Presi da un videogioco, lasciano morire di fame la figlia


Una coppia è stata arrestata per la morte della figlia di tre mesi, dimenticata mentre i genitori partecipavano a un gioco di ruolo online.

La storia risale allo scorso settembre ma è diventata di dominio pubblico solo ora perché l'arresto dei protagonisti è avvenuto pochi giorni fa: senza lavoro, una coppia sudcoreana passava 12 ore al giorno in un Internet Café giocando a Prius Online, gioco di ruolo che assorbiva tutte le loro attenzioni. I due - un uomo di 41 anni e una donna di 25 - avevano una figlia di tre mesi, nata prematura; presi dal gioco, le preparavano un unico biberon di latte al giorno. La triste ironia è che Prius Online ha una caratteristica particolare: una ragazzina - a nome Anima - accompagna i personaggi e cresce di pari passo con il loro sviluppo; mentre i due si occupavano di Anima, la figlia reale veniva dimenticata. Alla fine, il 24 settembre, la bambina è morta e i genitori hanno chiamato la polizia: l'autopsia ha poi rivelato che la causa della morte è un lungo periodo di malnutrizione.
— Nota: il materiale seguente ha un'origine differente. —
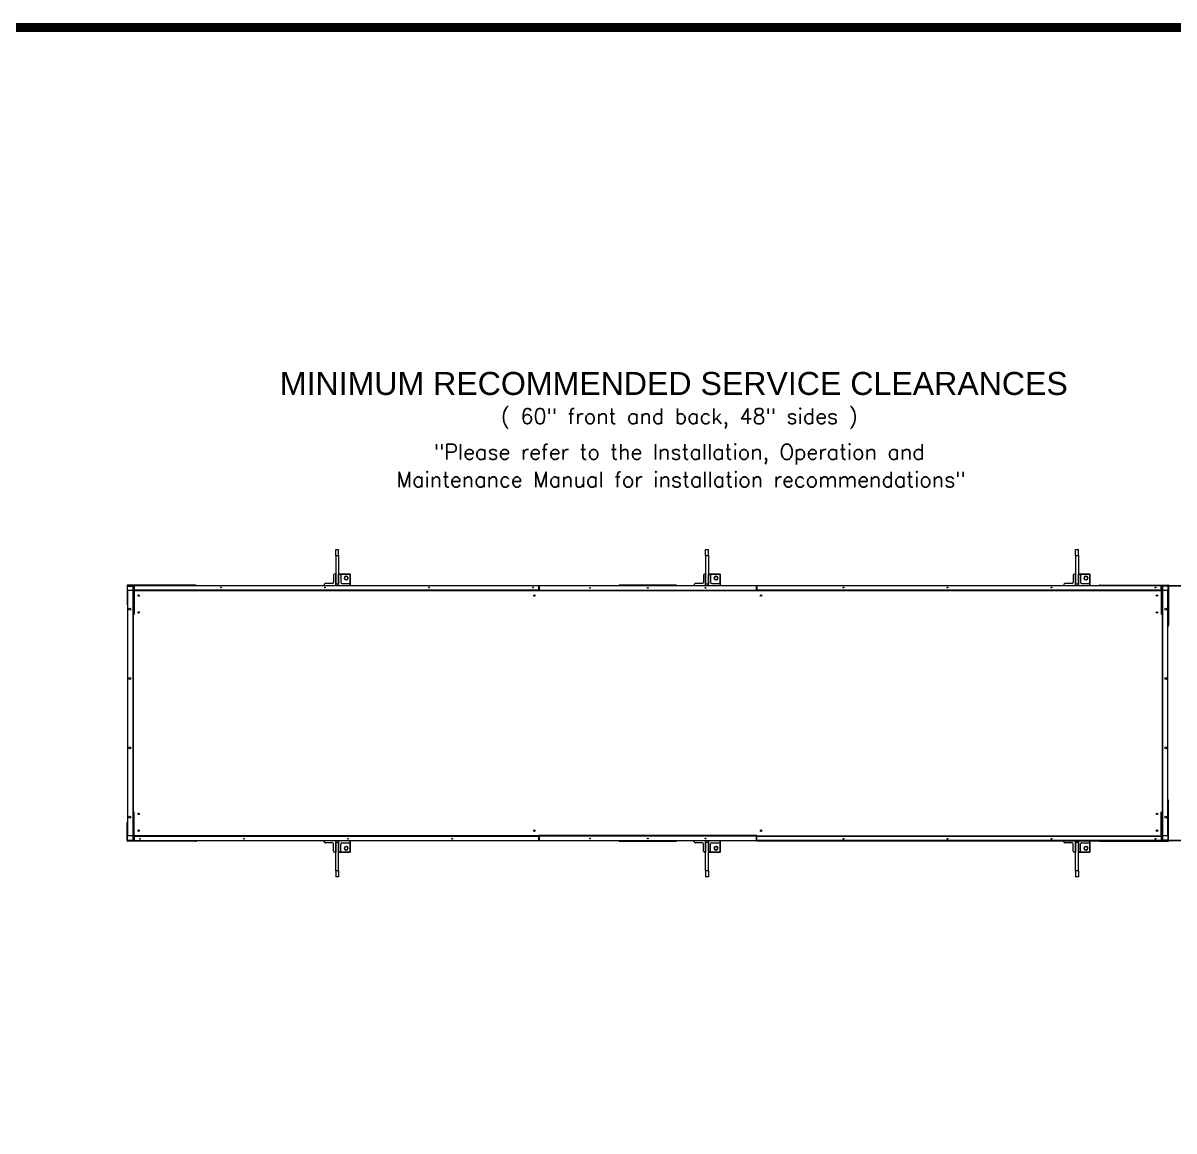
# Model space of a CAD drawing. Header units: inches. Extents: x 1132 to 1762, y 974 to 1371.
# Drawn here: x 1346.1 to 1545.3, y 1174.4 to 1366.2 of the extents above; entities that cross this region are included whole.
import ezdxf
from ezdxf.enums import TextEntityAlignment as Align

# ---------------------------------------------------------------- set-up
doc = ezdxf.new("R2010")
doc.units = ezdxf.units.IN
doc.header["$MEASUREMENT"] = 0
doc.layers.get('0').update_dxf_attribs({"color": 1})
doc.styles.add('dimentions', font='ARIAL.TTF')
doc.styles.add('SIMPLEX', font='SIMPLEX')
doc.dimstyles.new('General Dimension', dxfattribs={"dimtxt": 3.5, "dimasz": 4, "dimexe": 1, "dimexo": 0.5, "dimgap": 0.09, "dimtad": 0, "dimtih": 1, "dimtoh": 1, "dimdec": 3, "dimzin": 0, "dimdsep": 46, "dimlunit": 5, "dimtxsty": 'Standard', "dimcen": 0.09, "dimadec": 0, "dimazin": 0, "dimtfac": 1, "dimtdec": 3, "dimtofl": 0, "dimtmove": 0, "dimatfit": 3, "dimfxl": 1, "dimtolj": 1, "dimtzin": 0, "dimarcsym": 0})

# ---------------------------------------------------------------- blocks, each defined once
blk = doc.blocks.new('*D20')
at = {"color": 0, "lineweight": -2}
for p, q in [((1601.57, 1228.66), (1601.57, 1232.66)), ((1542.52, 1224.66), (1602.57, 1224.66)), ((1627.61, 1212.45), (1600.57, 1212.45)), ((1601.57, 1208.45), (1601.57, 1204.45))]:
    blk.add_line(p, q, dxfattribs=at)
at = {"color": 0}
for points in [[(1600.91, 1228.66), (1602.24, 1228.66), (1601.57, 1224.66)], [(1600.91, 1208.45), (1602.24, 1208.45), (1601.57, 1212.45)]]:
    blk.add_solid(points, dxfattribs=at)
at = {"color": 0, "insert": (1601.57, 1218.55), "char_height": 3.5, "attachment_point": 5}
blk.add_mtext('\\A1;12{\\H1.000000x;\\S1/4;}', dxfattribs=at)

msp = doc.modelspace()

# ---------------------------------------------------------------- linework, layer by layer
at = {"linetype": 'Continuous', "lineweight": 15}
for p, q in [((1400.2065, 1274.0386), (1400.2065, 1275.0386)), ((1400.2065, 1275.0386), (1400.7065, 1275.0386)), ((1400.7065, 1274.0386), (1400.7065, 1275.0386)), ((1464.2065, 1274.0386), (1464.2065, 1275.0386)), ((1464.2065, 1275.0386), (1464.7065, 1275.0386)), ((1464.7065, 1274.0386), (1464.7065, 1275.0386)), ((1528.2065, 1274.0386), (1528.2065, 1275.0386)), ((1528.2065, 1275.0386), (1528.7065, 1275.0386)), ((1528.7065, 1274.0386), (1528.7065, 1275.0386)), ((1400.2065, 1274.0386), (1400.7065, 1274.0386)), ((1400.2065, 1274.0386), (1400.2065, 1269.0386)), ((1400.7065, 1274.0386), (1400.7065, 1269.0386)), ((1464.2065, 1274.0386), (1464.7065, 1274.0386)), ((1464.2065, 1274.0386), (1464.2065, 1269.0386)), ((1464.7065, 1274.0386), (1464.7065, 1269.0386)), ((1528.2065, 1274.0386), (1528.7065, 1274.0386)), ((1528.2065, 1274.0386), (1528.2065, 1269.0386)), ((1528.7065, 1274.0386), (1528.7065, 1269.0386)), ((1399.8315, 1270.6011), (1399.8315, 1269.3511)), ((1400.2065, 1270.7886), (1400.019, 1270.7886)), ((1400.2065, 1268.8364), (1400.2065, 1270.7886)), ((1400.7065, 1268.8364), (1400.7065, 1270.7886)), ((1400.7065, 1270.7886), (1400.894, 1270.7886)), ((1401.0815, 1270.6011), (1401.0815, 1269.3511)), ((1463.8315, 1270.6011), (1463.8315, 1269.3511)), ((1464.2065, 1270.7886), (1464.019, 1270.7886)), ((1464.2065, 1268.8364), (1464.2065, 1270.7886)), ((1464.7065, 1270.7886), (1464.894, 1270.7886)), ((1464.7065, 1268.8364), (1464.7065, 1270.7886)), ((1465.0815, 1270.6011), (1465.0815, 1269.3511)), ((1527.8315, 1270.6011), (1527.8315, 1269.3511)), ((1528.2065, 1270.7886), (1528.019, 1270.7886)), ((1528.2065, 1268.8364), (1528.2065, 1270.7886)), ((1528.7065, 1270.7886), (1528.894, 1270.7886)), ((1528.7065, 1268.8364), (1528.7065, 1270.7886)), ((1529.0815, 1270.6011), (1529.0815, 1269.3511)), ((1364.1019, 1268.7876), (1364.1019, 1265.737)), ((1364.1019, 1268.7876), (1364.2065, 1268.7876)), ((1365.143, 1268.7886), (1364.2065, 1268.7886)), ((1364.2065, 1268.7886), (1364.2065, 1268.7261)), ((1365.143, 1268.7261), (1364.2065, 1268.7261)), ((1364.2065, 1268.7261), (1364.2065, 1268.7251)), ((1364.2065, 1267.9263), (1364.2065, 1268.7251)), ((1364.2065, 1268.7251), (1365.143, 1268.7251)), ((1364.2075, 1268.7886), (1364.2075, 1268.8932)), ((1375.9144, 1268.8932), (1364.2075, 1268.8932)), ((1365.143, 1268.7261), (1365.143, 1268.7886)), ((1365.2065, 1268.7886), (1365.143, 1268.7886)), ((1365.143, 1268.7251), (1365.2065, 1268.7251)), ((1365.143, 1267.9263), (1365.143, 1268.7251)), ((1365.2065, 1268.7886), (1365.2812, 1268.7886)), ((1365.2065, 1268.7886), (1365.2065, 1268.7251)), ((1365.2065, 1267.9751), (1365.2065, 1268.7251)), ((1365.2812, 1268.7886), (1365.2812, 1268.0518)), ((1365.2822, 1268.7886), (1365.2812, 1268.7886)), ((1365.3462, 1268.7886), (1365.2822, 1268.7886)), ((1365.2822, 1268.7886), (1365.2822, 1268.0518)), ((1365.3462, 1268.7876), (1365.3462, 1268.8364)), ((1365.3462, 1268.8364), (1435.3462, 1268.8364)), ((1365.3462, 1268.7876), (1365.3462, 1268.0239)), ((1435.3462, 1268.7876), (1365.3462, 1268.7876)), ((1375.9144, 1268.8364), (1375.9144, 1268.8932)), ((1375.9144, 1268.8932), (1375.9963, 1268.8932)), ((1375.9963, 1268.8364), (1375.9963, 1268.8932)), ((1398.2065, 1268.9761), (1398.2065, 1268.8364)), ((1399.644, 1269.1636), (1398.394, 1269.1636)), ((1400.7065, 1269.0386), (1400.2065, 1269.0386)), ((1401.269, 1269.1636), (1402.519, 1269.1636)), ((1402.7065, 1268.9761), (1402.7065, 1268.8364)), ((1435.3462, 1268.8364), (1435.3462, 1268.7876)), ((1435.394, 1268.7886), (1435.3462, 1268.7886)), ((1435.3462, 1268.0239), (1435.3462, 1268.7876)), ((1435.394, 1268.7876), (1435.394, 1268.8364)), ((1435.394, 1268.8364), (1473.0192, 1268.8364)), ((1473.0192, 1268.7876), (1435.394, 1268.7876)), ((1435.394, 1268.7876), (1435.394, 1267.9761)), ((1449.3111, 1268.8932), (1449.3117, 1268.8364)), ((1459.1009, 1268.8932), (1449.3121, 1268.8932)), ((1449.3121, 1268.8932), (1449.3121, 1268.8364)), ((1459.1009, 1268.8364), (1459.1009, 1268.8932)), ((1459.1019, 1268.8932), (1459.1014, 1268.8364)), ((1462.2065, 1268.9761), (1462.2065, 1268.8364)), ((1463.644, 1269.1636), (1462.394, 1269.1636)), ((1464.7065, 1269.0386), (1464.2065, 1269.0386)), ((1465.269, 1269.1636), (1466.519, 1269.1636)), ((1466.7065, 1268.9761), (1466.7065, 1268.8364)), ((1473.0192, 1268.8364), (1473.0192, 1268.7876)), ((1473.0192, 1268.7886), (1473.067, 1268.7886)), ((1473.0192, 1267.9761), (1473.0192, 1268.7876)), ((1473.067, 1268.8364), (1543.067, 1268.8364)), ((1473.067, 1268.7876), (1473.067, 1268.8364)), ((1473.067, 1268.7876), (1473.067, 1268.0239)), ((1543.067, 1268.7876), (1473.067, 1268.7876)), ((1526.2065, 1268.9761), (1526.2065, 1268.8364)), ((1527.644, 1269.1636), (1526.394, 1269.1636)), ((1528.7065, 1269.0386), (1528.2065, 1269.0386)), ((1529.269, 1269.1636), (1530.519, 1269.1636)), ((1530.7065, 1268.9761), (1530.7065, 1268.8364)), ((1532.4986, 1268.8932), (1532.4167, 1268.8932)), ((1532.4167, 1268.8364), (1532.4167, 1268.8932)), ((1532.4986, 1268.8364), (1532.4986, 1268.8932)), ((1532.4986, 1268.8932), (1544.2055, 1268.8932)), ((1543.067, 1268.8364), (1543.067, 1268.7876)), ((1543.067, 1268.7886), (1543.1308, 1268.7886)), ((1543.067, 1268.0239), (1543.067, 1268.7876)), ((1543.1308, 1268.7886), (1543.1308, 1268.0518)), ((1543.1308, 1268.7886), (1543.1318, 1268.7886)), ((1543.2065, 1268.7886), (1543.1318, 1268.7886)), ((1543.1318, 1268.7886), (1543.1318, 1268.0518)), ((1543.2065, 1268.7886), (1543.2065, 1268.7251)), ((1543.2065, 1268.7886), (1543.27, 1268.7886)), ((1543.2065, 1268.7251), (1543.2065, 1267.9751)), ((1543.27, 1268.7251), (1543.2065, 1268.7251)), ((1543.27, 1268.7261), (1543.27, 1268.7886)), ((1544.2065, 1268.7886), (1543.27, 1268.7886)), ((1544.2065, 1268.7261), (1543.27, 1268.7261)), ((1544.2065, 1268.7251), (1543.27, 1268.7251)), ((1543.27, 1268.7251), (1543.27, 1267.9263)), ((1544.2055, 1268.7886), (1544.2055, 1268.8932)), ((1544.2065, 1268.7886), (1544.2065, 1268.7261)), ((1544.3111, 1268.7876), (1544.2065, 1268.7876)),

In pratica è morta di fame. Subito dopo la morte della piccola e l'intervento delle autorità i due sono fuggiti, finché all'inizio di marzo sono stati arrestati a Seoul; alla polizia hanno dichiarato che per via del senso di colpa non erano riusciti ad avvicinarsi a un Pc durante i mesi della loro fuga. Eppure, secondo il professor Kwak Dae-kyung dell'Università Dongguk di Seoul, "la dipendenza dal gioco online può rendere indefinita la linea di separazione tra realtà e mondo virtuale. Sembra che il prendersi cura del personaggio online abbia cancellato ogni senso di colpa che potessero avere per aver dimenticato la loro figlia".